TASK:
Search the data for the word "header". Reproduce every line where it is found.

DATA FOR ANALYSIS:

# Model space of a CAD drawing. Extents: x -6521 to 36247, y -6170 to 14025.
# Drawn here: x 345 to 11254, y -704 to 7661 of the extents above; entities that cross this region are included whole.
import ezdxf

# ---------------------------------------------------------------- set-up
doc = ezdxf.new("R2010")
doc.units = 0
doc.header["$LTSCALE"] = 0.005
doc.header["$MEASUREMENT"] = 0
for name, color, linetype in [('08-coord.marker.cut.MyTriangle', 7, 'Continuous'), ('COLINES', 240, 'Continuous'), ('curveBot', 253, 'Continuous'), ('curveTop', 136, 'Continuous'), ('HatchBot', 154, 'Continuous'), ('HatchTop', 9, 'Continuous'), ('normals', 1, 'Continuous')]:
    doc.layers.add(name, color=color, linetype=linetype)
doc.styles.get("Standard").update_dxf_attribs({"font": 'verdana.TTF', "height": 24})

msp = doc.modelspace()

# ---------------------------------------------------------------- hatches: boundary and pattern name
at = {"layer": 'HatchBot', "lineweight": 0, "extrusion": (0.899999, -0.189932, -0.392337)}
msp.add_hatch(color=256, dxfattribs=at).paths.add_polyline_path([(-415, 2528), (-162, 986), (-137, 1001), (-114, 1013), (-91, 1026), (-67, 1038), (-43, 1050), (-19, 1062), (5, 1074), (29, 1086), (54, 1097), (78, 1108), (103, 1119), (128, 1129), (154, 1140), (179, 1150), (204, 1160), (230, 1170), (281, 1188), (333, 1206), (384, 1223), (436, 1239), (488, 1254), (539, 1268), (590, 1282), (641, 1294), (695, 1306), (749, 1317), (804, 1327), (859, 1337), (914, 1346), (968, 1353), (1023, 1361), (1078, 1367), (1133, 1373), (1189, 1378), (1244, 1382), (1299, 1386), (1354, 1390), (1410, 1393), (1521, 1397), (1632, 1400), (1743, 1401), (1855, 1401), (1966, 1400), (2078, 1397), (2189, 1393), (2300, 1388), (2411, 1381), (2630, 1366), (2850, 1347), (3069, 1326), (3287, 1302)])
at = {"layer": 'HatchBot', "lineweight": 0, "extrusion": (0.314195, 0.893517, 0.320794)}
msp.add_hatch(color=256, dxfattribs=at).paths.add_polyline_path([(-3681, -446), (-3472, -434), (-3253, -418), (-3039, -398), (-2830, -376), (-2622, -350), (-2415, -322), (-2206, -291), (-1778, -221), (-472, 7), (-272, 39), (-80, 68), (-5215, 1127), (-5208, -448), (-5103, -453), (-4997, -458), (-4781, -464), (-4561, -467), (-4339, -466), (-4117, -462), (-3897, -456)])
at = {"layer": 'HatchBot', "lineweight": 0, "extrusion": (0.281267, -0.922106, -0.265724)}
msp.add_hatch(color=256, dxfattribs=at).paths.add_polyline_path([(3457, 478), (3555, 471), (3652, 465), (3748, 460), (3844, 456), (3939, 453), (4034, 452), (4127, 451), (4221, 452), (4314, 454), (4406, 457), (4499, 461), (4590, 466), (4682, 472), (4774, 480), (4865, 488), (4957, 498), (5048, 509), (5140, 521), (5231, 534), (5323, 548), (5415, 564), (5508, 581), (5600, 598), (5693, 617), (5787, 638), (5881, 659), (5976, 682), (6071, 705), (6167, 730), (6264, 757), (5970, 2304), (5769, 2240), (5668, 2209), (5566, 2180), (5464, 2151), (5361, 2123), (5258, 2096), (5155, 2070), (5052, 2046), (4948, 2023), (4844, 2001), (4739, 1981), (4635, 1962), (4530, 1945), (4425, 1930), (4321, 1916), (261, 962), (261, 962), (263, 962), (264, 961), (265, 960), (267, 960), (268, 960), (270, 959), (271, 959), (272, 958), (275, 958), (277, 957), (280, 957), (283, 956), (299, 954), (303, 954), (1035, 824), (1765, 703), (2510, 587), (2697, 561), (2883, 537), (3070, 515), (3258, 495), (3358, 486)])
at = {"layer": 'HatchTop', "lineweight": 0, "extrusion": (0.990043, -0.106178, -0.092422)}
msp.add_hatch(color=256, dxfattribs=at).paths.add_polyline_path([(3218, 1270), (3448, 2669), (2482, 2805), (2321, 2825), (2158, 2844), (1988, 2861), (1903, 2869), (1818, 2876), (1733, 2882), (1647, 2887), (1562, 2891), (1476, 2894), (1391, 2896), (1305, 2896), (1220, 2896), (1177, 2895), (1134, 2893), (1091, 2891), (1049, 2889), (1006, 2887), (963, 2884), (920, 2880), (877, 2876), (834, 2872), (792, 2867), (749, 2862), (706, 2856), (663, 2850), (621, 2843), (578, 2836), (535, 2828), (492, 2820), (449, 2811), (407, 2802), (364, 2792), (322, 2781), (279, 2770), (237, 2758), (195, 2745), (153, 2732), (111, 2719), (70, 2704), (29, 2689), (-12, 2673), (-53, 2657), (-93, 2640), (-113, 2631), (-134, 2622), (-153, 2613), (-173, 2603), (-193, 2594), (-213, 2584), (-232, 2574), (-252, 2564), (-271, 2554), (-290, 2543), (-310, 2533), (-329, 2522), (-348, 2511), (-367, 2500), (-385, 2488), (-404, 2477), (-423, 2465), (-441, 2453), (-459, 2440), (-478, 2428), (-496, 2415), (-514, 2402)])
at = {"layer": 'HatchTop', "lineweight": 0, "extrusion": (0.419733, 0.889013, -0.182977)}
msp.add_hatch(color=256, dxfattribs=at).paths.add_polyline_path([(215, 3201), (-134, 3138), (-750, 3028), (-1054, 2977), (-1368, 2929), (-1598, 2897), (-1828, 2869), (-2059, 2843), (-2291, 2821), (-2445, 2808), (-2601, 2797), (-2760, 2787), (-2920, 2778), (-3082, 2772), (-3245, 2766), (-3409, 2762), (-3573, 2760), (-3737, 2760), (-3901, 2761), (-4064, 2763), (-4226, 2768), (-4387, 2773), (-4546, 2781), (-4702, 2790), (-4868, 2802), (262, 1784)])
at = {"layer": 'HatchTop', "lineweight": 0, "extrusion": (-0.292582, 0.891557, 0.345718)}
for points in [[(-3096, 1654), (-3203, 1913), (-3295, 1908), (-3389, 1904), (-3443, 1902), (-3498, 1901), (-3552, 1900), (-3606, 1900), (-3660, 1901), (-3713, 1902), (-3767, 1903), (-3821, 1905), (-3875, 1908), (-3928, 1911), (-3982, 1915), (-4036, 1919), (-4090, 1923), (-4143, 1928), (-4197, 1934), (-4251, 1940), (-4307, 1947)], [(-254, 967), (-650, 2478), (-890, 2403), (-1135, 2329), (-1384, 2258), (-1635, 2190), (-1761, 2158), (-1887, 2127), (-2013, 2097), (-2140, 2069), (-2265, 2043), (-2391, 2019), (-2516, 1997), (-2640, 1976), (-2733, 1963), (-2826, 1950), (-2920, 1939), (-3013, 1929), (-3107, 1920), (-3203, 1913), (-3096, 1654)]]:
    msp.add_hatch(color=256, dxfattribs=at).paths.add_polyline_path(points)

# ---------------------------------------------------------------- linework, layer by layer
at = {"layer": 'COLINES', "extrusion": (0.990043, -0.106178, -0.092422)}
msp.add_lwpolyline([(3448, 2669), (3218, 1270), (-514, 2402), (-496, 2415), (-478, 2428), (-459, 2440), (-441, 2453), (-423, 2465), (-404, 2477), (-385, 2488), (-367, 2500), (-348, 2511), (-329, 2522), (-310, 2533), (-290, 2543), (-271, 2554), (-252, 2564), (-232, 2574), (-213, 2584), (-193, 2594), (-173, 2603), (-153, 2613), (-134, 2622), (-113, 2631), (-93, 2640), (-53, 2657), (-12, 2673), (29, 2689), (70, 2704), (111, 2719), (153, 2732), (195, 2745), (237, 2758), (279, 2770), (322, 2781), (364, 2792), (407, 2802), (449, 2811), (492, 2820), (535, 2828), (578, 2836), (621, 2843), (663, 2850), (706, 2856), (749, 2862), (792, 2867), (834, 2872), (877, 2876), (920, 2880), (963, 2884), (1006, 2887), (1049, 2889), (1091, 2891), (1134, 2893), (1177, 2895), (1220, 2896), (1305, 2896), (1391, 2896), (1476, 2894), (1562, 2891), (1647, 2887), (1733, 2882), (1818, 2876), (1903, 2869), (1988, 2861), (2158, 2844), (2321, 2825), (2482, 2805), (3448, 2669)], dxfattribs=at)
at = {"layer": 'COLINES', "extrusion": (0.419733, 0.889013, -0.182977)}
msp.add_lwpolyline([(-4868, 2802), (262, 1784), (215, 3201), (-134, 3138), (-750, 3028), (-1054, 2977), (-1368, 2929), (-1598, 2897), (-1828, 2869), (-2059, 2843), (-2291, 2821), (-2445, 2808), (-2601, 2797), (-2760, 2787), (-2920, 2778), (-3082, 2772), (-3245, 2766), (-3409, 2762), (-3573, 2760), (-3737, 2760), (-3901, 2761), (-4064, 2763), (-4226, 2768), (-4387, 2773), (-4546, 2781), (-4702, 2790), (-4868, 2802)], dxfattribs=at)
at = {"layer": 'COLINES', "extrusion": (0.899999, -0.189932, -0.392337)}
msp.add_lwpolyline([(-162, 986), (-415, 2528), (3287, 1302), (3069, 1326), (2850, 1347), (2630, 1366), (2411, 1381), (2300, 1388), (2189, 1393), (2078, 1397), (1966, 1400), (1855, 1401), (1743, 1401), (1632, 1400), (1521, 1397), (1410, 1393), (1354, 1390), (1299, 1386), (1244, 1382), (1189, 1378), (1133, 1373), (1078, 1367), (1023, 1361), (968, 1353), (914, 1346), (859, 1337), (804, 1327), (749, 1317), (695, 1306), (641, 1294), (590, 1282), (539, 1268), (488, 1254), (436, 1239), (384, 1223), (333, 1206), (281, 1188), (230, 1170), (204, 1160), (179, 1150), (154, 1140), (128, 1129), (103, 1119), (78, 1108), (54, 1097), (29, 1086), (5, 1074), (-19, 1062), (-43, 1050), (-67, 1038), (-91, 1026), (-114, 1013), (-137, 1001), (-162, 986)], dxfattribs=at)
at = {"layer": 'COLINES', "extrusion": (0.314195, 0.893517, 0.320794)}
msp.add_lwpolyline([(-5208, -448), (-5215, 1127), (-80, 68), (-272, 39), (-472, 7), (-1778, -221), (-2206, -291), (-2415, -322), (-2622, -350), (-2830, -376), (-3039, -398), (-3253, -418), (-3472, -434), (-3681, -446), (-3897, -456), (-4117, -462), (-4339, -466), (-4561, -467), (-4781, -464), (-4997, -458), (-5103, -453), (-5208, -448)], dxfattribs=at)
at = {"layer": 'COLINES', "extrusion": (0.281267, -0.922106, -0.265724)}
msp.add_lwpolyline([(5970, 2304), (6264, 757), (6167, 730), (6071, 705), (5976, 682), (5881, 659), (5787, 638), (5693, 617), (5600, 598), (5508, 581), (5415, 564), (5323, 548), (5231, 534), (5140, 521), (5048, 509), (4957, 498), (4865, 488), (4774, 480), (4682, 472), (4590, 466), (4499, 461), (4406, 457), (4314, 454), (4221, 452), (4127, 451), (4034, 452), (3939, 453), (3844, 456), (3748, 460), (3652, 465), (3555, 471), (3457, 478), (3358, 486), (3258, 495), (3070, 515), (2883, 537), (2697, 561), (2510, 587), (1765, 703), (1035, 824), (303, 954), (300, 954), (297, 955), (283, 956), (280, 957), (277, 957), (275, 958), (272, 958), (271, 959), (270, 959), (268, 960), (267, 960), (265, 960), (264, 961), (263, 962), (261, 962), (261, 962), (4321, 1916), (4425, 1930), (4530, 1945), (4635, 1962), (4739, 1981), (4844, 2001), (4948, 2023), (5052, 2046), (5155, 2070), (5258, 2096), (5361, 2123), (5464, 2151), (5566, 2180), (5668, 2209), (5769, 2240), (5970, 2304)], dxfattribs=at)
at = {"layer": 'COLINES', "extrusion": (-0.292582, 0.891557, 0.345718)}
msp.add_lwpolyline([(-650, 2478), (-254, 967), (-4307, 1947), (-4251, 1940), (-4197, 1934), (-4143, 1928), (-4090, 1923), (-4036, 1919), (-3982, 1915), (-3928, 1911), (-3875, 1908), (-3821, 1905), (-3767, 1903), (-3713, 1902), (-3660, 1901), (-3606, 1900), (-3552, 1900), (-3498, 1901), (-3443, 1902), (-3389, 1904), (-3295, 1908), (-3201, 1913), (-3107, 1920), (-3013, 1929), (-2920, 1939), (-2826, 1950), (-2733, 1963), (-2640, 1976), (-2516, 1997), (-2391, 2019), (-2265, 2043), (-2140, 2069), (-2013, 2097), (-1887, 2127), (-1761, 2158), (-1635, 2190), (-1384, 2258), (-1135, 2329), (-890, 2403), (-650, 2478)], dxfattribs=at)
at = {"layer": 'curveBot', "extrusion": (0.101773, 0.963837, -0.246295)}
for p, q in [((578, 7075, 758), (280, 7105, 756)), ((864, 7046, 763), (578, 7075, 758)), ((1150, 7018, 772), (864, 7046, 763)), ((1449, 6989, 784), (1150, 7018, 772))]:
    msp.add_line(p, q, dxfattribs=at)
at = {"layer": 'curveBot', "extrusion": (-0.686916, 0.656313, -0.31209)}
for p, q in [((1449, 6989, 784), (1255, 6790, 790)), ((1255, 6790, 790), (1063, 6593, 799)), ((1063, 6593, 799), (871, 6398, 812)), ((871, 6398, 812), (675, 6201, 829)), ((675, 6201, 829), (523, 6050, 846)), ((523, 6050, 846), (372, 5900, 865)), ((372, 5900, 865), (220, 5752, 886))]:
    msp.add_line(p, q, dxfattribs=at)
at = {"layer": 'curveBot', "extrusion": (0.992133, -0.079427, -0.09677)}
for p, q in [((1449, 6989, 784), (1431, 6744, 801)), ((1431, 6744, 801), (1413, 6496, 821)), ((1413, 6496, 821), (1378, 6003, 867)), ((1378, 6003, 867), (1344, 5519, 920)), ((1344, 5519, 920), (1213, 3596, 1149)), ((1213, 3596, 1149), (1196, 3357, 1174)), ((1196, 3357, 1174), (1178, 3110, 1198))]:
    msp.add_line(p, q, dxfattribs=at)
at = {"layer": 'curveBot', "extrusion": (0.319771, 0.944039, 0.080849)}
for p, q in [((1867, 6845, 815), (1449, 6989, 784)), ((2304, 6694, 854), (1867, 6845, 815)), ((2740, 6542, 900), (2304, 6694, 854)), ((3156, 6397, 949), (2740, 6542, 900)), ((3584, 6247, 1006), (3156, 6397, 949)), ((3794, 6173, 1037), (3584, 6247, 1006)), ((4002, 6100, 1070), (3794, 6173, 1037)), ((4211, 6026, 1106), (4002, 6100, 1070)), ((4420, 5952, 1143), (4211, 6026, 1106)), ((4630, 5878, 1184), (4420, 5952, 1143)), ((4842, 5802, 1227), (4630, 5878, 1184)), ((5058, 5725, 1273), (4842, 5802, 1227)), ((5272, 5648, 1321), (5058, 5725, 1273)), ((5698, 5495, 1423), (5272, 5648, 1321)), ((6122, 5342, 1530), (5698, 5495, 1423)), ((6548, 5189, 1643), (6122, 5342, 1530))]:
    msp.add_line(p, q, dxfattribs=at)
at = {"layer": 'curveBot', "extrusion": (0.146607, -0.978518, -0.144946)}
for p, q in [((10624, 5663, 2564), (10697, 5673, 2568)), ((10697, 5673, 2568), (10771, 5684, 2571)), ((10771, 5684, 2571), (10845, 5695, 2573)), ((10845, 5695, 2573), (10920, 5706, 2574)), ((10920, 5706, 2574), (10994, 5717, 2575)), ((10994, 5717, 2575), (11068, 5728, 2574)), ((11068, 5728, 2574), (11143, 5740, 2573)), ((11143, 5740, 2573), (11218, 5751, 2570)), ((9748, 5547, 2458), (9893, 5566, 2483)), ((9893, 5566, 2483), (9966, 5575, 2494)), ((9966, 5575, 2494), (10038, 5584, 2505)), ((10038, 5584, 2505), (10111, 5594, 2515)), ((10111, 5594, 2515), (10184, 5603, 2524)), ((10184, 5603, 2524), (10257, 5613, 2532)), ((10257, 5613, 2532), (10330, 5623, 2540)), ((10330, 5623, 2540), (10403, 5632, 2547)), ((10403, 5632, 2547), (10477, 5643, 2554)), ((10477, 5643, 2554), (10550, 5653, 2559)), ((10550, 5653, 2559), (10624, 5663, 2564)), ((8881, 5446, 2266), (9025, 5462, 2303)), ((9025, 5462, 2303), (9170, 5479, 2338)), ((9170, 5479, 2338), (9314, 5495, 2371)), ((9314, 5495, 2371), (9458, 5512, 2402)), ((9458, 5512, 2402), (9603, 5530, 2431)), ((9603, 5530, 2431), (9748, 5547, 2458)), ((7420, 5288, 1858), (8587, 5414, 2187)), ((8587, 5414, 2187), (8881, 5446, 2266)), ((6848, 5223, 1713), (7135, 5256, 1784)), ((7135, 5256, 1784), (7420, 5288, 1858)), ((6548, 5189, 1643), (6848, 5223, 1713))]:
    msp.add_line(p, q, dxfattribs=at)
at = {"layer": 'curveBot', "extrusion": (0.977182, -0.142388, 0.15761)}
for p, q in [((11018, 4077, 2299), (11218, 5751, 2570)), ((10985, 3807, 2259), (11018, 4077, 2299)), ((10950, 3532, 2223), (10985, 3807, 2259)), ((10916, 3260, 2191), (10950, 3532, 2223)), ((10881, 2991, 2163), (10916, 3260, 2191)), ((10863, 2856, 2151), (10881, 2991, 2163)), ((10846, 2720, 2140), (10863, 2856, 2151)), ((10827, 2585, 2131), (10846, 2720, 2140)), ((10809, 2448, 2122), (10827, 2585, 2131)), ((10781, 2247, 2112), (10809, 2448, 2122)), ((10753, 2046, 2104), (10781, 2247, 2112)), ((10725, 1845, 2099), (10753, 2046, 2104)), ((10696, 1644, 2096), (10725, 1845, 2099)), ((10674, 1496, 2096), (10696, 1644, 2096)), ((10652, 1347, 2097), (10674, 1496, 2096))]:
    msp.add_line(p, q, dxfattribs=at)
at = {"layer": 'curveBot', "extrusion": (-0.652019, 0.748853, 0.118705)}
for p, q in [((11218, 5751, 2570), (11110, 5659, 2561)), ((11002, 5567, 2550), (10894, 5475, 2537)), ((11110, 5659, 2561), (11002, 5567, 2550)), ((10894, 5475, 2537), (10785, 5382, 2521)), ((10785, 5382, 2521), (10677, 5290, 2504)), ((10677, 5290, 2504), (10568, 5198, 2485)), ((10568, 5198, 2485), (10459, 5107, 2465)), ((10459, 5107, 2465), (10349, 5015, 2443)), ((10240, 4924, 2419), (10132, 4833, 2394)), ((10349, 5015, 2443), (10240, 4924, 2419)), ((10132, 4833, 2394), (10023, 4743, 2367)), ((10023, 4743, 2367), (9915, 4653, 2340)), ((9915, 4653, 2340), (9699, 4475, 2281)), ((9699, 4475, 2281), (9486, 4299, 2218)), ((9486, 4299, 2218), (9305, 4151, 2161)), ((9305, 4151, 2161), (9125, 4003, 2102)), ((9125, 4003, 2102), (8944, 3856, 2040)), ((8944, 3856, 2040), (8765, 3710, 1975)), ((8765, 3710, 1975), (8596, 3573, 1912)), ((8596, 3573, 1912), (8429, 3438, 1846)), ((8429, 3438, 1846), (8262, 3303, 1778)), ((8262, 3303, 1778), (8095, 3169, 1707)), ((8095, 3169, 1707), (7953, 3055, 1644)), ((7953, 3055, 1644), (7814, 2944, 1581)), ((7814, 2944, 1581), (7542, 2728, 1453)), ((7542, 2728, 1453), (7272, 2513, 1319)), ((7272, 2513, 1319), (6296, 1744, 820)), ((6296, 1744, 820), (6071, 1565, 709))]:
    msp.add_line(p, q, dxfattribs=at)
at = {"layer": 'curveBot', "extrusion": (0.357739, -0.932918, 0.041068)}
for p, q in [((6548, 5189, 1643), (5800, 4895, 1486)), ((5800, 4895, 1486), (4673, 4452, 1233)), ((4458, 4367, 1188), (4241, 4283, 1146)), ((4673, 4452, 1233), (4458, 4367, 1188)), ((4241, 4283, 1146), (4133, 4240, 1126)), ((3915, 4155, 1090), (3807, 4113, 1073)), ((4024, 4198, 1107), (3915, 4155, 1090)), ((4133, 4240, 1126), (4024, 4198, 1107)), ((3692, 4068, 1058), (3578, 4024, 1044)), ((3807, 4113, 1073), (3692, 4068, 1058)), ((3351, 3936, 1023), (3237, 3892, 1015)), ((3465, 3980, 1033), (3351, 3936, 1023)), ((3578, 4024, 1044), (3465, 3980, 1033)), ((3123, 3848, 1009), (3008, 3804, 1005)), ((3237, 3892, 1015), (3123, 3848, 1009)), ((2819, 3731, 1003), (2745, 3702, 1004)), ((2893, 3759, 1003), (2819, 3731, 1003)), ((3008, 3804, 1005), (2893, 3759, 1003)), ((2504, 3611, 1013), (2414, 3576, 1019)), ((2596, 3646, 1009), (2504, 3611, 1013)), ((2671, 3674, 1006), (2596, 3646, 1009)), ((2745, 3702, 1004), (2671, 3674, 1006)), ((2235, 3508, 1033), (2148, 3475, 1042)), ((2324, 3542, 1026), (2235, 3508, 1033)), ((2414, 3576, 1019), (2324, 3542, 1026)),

SOLUTION TO THIS EXERCISE:
doc.header["$LTSCALE"] = 0.005
doc.header["$MEASUREMENT"] = 0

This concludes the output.